■ Aim of the exercise
For the entries below, return every line from the top through the line with "# Sketch19 → Boss-Extrude2 (add)" exactly as it stands, omitting pictures.
Records supplied Start Marker
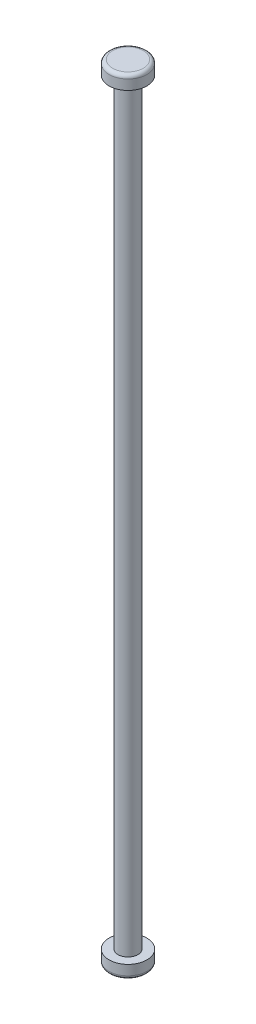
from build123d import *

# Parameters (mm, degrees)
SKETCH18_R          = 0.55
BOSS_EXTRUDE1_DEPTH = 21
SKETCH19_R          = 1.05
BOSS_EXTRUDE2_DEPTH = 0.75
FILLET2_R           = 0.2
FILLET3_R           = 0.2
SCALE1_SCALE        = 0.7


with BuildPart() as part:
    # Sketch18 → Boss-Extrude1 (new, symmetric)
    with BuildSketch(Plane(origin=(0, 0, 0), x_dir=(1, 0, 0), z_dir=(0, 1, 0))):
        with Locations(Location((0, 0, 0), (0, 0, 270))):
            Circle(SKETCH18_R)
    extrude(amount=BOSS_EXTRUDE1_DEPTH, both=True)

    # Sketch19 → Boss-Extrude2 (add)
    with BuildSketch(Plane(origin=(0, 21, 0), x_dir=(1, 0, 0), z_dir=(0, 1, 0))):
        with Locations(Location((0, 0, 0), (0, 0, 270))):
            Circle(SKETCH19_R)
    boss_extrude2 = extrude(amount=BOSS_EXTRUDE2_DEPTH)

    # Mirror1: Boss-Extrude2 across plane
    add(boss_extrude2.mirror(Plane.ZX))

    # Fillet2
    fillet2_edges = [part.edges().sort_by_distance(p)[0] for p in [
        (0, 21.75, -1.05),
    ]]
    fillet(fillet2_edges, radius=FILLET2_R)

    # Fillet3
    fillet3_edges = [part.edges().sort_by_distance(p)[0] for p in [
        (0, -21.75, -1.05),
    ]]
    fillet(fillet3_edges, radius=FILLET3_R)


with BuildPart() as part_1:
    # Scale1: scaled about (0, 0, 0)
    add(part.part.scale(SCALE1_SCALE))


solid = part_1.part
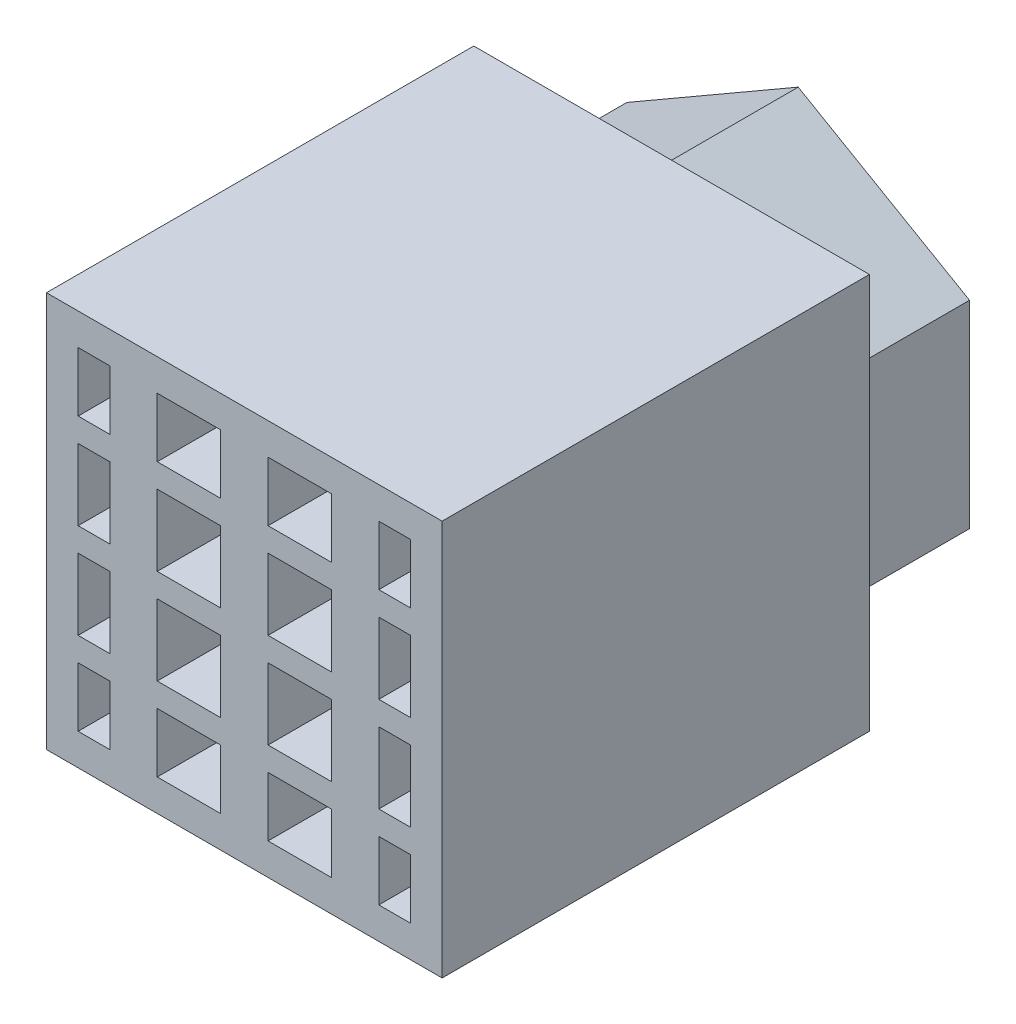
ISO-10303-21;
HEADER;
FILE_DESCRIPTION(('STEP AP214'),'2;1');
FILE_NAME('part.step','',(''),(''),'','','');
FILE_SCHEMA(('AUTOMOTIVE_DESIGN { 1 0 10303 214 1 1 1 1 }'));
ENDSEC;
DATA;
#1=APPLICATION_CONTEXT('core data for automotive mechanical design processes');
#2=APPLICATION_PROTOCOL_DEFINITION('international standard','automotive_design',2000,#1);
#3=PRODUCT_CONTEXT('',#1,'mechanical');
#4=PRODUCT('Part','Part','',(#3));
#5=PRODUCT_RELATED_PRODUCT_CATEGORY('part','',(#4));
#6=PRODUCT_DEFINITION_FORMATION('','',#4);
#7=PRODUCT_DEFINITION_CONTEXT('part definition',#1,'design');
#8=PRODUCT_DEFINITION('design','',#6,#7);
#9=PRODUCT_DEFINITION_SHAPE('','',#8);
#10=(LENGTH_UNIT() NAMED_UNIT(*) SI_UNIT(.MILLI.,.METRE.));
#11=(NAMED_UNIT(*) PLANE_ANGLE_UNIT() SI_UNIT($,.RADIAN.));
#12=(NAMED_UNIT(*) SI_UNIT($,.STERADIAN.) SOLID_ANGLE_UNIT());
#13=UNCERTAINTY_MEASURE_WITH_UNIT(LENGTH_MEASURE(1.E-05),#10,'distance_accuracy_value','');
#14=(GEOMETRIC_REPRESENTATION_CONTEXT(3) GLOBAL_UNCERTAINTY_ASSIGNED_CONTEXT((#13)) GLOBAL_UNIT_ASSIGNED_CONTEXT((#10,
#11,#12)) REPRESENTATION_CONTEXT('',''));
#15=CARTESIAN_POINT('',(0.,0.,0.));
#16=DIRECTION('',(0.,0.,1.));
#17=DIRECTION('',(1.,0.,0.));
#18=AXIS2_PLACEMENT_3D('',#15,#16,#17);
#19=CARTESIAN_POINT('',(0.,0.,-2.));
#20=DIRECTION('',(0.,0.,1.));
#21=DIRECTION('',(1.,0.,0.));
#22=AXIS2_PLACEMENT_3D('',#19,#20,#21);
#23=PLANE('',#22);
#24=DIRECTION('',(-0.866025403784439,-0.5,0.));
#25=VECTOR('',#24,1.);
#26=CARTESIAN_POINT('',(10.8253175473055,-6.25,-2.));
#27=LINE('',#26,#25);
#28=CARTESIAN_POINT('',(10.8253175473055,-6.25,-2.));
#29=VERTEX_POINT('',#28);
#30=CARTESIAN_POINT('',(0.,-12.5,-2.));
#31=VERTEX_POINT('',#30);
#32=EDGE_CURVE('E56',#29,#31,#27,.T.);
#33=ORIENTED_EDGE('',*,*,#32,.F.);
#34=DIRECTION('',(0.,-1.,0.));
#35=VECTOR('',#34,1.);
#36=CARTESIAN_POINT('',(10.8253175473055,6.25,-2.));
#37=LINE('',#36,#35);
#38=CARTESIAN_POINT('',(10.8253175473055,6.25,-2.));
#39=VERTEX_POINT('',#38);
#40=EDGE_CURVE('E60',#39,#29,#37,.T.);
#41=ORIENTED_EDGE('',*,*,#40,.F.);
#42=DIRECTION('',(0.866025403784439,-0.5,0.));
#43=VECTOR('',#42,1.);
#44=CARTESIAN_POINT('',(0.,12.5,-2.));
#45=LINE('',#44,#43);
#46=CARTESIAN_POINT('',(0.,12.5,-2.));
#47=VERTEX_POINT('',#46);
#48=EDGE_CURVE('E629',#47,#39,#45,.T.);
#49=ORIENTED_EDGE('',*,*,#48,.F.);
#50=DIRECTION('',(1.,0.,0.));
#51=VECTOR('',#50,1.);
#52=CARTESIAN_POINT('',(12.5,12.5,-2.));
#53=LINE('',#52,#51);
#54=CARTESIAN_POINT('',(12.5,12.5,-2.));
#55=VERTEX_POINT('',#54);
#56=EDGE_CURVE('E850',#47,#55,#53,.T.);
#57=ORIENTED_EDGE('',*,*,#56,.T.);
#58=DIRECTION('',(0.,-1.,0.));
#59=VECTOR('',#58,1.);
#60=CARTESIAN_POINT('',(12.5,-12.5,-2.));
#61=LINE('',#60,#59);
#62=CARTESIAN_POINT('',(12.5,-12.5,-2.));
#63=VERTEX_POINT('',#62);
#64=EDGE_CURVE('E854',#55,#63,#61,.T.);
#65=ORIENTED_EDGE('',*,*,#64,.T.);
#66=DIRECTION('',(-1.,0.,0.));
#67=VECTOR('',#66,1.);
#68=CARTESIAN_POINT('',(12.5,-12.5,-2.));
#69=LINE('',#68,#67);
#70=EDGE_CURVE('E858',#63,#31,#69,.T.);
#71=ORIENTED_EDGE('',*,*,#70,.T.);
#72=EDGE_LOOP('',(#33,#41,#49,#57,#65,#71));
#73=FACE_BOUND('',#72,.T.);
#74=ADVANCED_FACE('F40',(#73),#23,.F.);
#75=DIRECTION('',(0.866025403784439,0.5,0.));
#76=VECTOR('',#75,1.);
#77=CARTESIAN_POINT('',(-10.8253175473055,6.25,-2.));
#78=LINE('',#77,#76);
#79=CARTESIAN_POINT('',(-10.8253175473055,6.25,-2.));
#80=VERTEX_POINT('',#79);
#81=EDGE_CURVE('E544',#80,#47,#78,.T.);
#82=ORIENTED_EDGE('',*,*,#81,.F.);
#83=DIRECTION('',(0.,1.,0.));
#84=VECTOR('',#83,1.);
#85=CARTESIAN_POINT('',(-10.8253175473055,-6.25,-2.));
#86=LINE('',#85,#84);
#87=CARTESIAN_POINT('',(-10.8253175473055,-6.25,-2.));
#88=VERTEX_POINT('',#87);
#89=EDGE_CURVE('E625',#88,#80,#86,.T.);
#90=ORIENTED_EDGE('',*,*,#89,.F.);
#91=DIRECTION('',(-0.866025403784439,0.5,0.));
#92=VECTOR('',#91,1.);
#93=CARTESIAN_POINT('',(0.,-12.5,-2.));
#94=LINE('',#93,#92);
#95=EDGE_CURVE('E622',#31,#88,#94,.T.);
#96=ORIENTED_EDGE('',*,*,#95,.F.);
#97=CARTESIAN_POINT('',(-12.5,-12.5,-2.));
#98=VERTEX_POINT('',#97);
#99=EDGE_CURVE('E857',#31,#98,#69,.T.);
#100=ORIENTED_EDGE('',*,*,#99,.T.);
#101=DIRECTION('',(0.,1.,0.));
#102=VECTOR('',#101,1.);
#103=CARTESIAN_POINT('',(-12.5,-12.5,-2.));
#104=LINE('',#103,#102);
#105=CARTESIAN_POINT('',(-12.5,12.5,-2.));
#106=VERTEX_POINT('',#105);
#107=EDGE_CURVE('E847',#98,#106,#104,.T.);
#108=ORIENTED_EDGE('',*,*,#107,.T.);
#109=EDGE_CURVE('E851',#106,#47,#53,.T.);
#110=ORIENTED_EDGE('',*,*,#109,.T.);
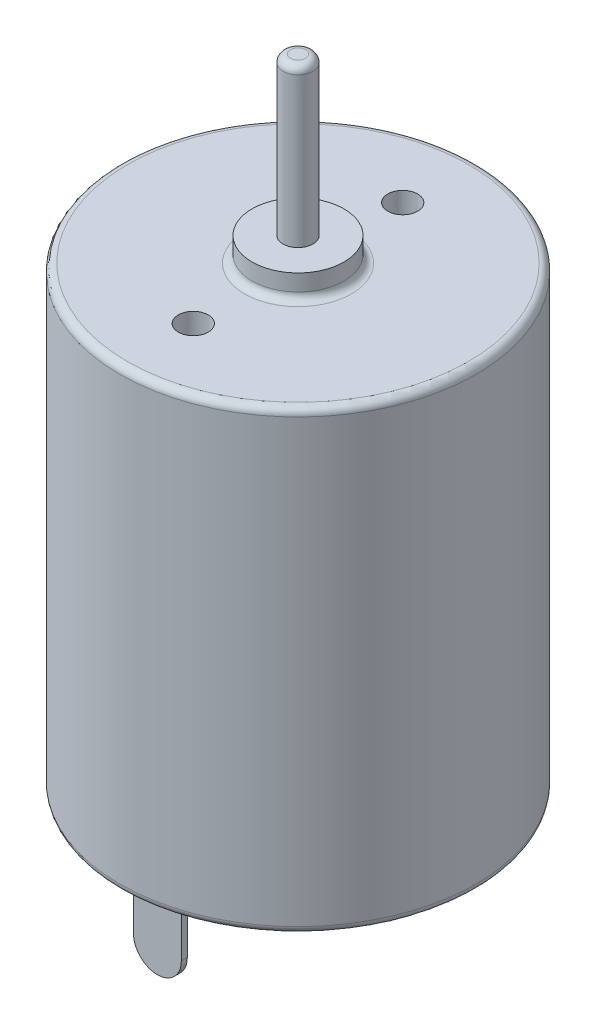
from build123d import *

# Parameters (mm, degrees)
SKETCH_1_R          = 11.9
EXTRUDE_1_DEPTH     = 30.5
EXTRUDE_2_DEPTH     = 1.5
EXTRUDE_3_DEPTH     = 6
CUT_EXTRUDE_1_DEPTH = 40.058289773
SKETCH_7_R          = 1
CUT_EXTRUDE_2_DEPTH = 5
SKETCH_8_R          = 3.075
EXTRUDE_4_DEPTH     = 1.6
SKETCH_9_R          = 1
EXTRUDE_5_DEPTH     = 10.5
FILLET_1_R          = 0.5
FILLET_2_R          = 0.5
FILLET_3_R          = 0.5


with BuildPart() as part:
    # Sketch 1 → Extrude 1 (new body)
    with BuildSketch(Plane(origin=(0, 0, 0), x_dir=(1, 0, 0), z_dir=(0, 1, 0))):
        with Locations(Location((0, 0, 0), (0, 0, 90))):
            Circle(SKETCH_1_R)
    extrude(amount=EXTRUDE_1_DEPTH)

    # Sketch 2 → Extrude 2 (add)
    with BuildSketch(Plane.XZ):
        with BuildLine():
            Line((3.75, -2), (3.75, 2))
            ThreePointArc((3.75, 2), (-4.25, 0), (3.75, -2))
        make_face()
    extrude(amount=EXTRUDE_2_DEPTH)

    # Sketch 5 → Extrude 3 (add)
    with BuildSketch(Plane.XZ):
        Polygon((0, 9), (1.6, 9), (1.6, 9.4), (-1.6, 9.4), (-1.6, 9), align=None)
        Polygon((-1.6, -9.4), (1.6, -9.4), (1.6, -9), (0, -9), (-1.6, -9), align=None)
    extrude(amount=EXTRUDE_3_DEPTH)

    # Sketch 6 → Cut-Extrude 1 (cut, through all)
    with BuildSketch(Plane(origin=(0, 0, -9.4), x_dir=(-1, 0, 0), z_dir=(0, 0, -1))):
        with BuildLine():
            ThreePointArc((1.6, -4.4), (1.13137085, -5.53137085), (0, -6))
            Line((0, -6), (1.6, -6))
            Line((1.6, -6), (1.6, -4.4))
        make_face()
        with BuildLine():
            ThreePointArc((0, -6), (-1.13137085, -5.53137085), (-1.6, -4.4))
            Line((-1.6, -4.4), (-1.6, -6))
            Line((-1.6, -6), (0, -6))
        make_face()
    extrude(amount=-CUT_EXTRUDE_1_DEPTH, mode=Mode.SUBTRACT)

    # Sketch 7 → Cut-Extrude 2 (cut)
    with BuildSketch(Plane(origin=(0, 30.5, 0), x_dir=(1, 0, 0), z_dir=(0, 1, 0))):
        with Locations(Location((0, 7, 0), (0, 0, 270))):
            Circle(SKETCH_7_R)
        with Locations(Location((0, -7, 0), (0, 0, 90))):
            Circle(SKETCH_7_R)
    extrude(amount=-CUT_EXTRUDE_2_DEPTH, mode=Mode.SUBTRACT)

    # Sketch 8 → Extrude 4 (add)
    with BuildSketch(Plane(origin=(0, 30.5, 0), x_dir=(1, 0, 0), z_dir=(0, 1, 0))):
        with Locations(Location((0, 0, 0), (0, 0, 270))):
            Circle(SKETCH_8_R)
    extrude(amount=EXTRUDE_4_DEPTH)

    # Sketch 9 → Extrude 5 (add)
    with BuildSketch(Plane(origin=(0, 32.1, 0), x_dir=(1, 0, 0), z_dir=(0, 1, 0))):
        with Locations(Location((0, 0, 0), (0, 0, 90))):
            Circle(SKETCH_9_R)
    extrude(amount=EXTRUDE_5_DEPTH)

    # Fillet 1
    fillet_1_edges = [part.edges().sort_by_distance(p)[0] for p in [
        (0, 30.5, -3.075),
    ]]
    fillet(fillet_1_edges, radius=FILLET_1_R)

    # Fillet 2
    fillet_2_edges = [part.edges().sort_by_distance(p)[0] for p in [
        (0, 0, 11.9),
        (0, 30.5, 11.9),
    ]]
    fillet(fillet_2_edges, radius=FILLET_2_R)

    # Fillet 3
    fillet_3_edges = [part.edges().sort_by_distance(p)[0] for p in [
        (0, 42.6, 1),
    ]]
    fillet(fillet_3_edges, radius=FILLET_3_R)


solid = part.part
Records supplied End Marker
■ Answer below
from build123d import *

# Parameters (mm, degrees)
SKETCH18_R          = 0.55
BOSS_EXTRUDE1_DEPTH = 21
SKETCH19_R          = 1.05
BOSS_EXTRUDE2_DEPTH = 0.75
FILLET2_R           = 0.2
FILLET3_R           = 0.2
SCALE1_SCALE        = 0.7


with BuildPart() as part:
    # Sketch18 → Boss-Extrude1 (new, symmetric)
    with BuildSketch(Plane(origin=(0, 0, 0), x_dir=(1, 0, 0), z_dir=(0, 1, 0))):
        with Locations(Location((0, 0, 0), (0, 0, 270))):
            Circle(SKETCH18_R)
    extrude(amount=BOSS_EXTRUDE1_DEPTH, both=True)

    # Sketch19 → Boss-Extrude2 (add)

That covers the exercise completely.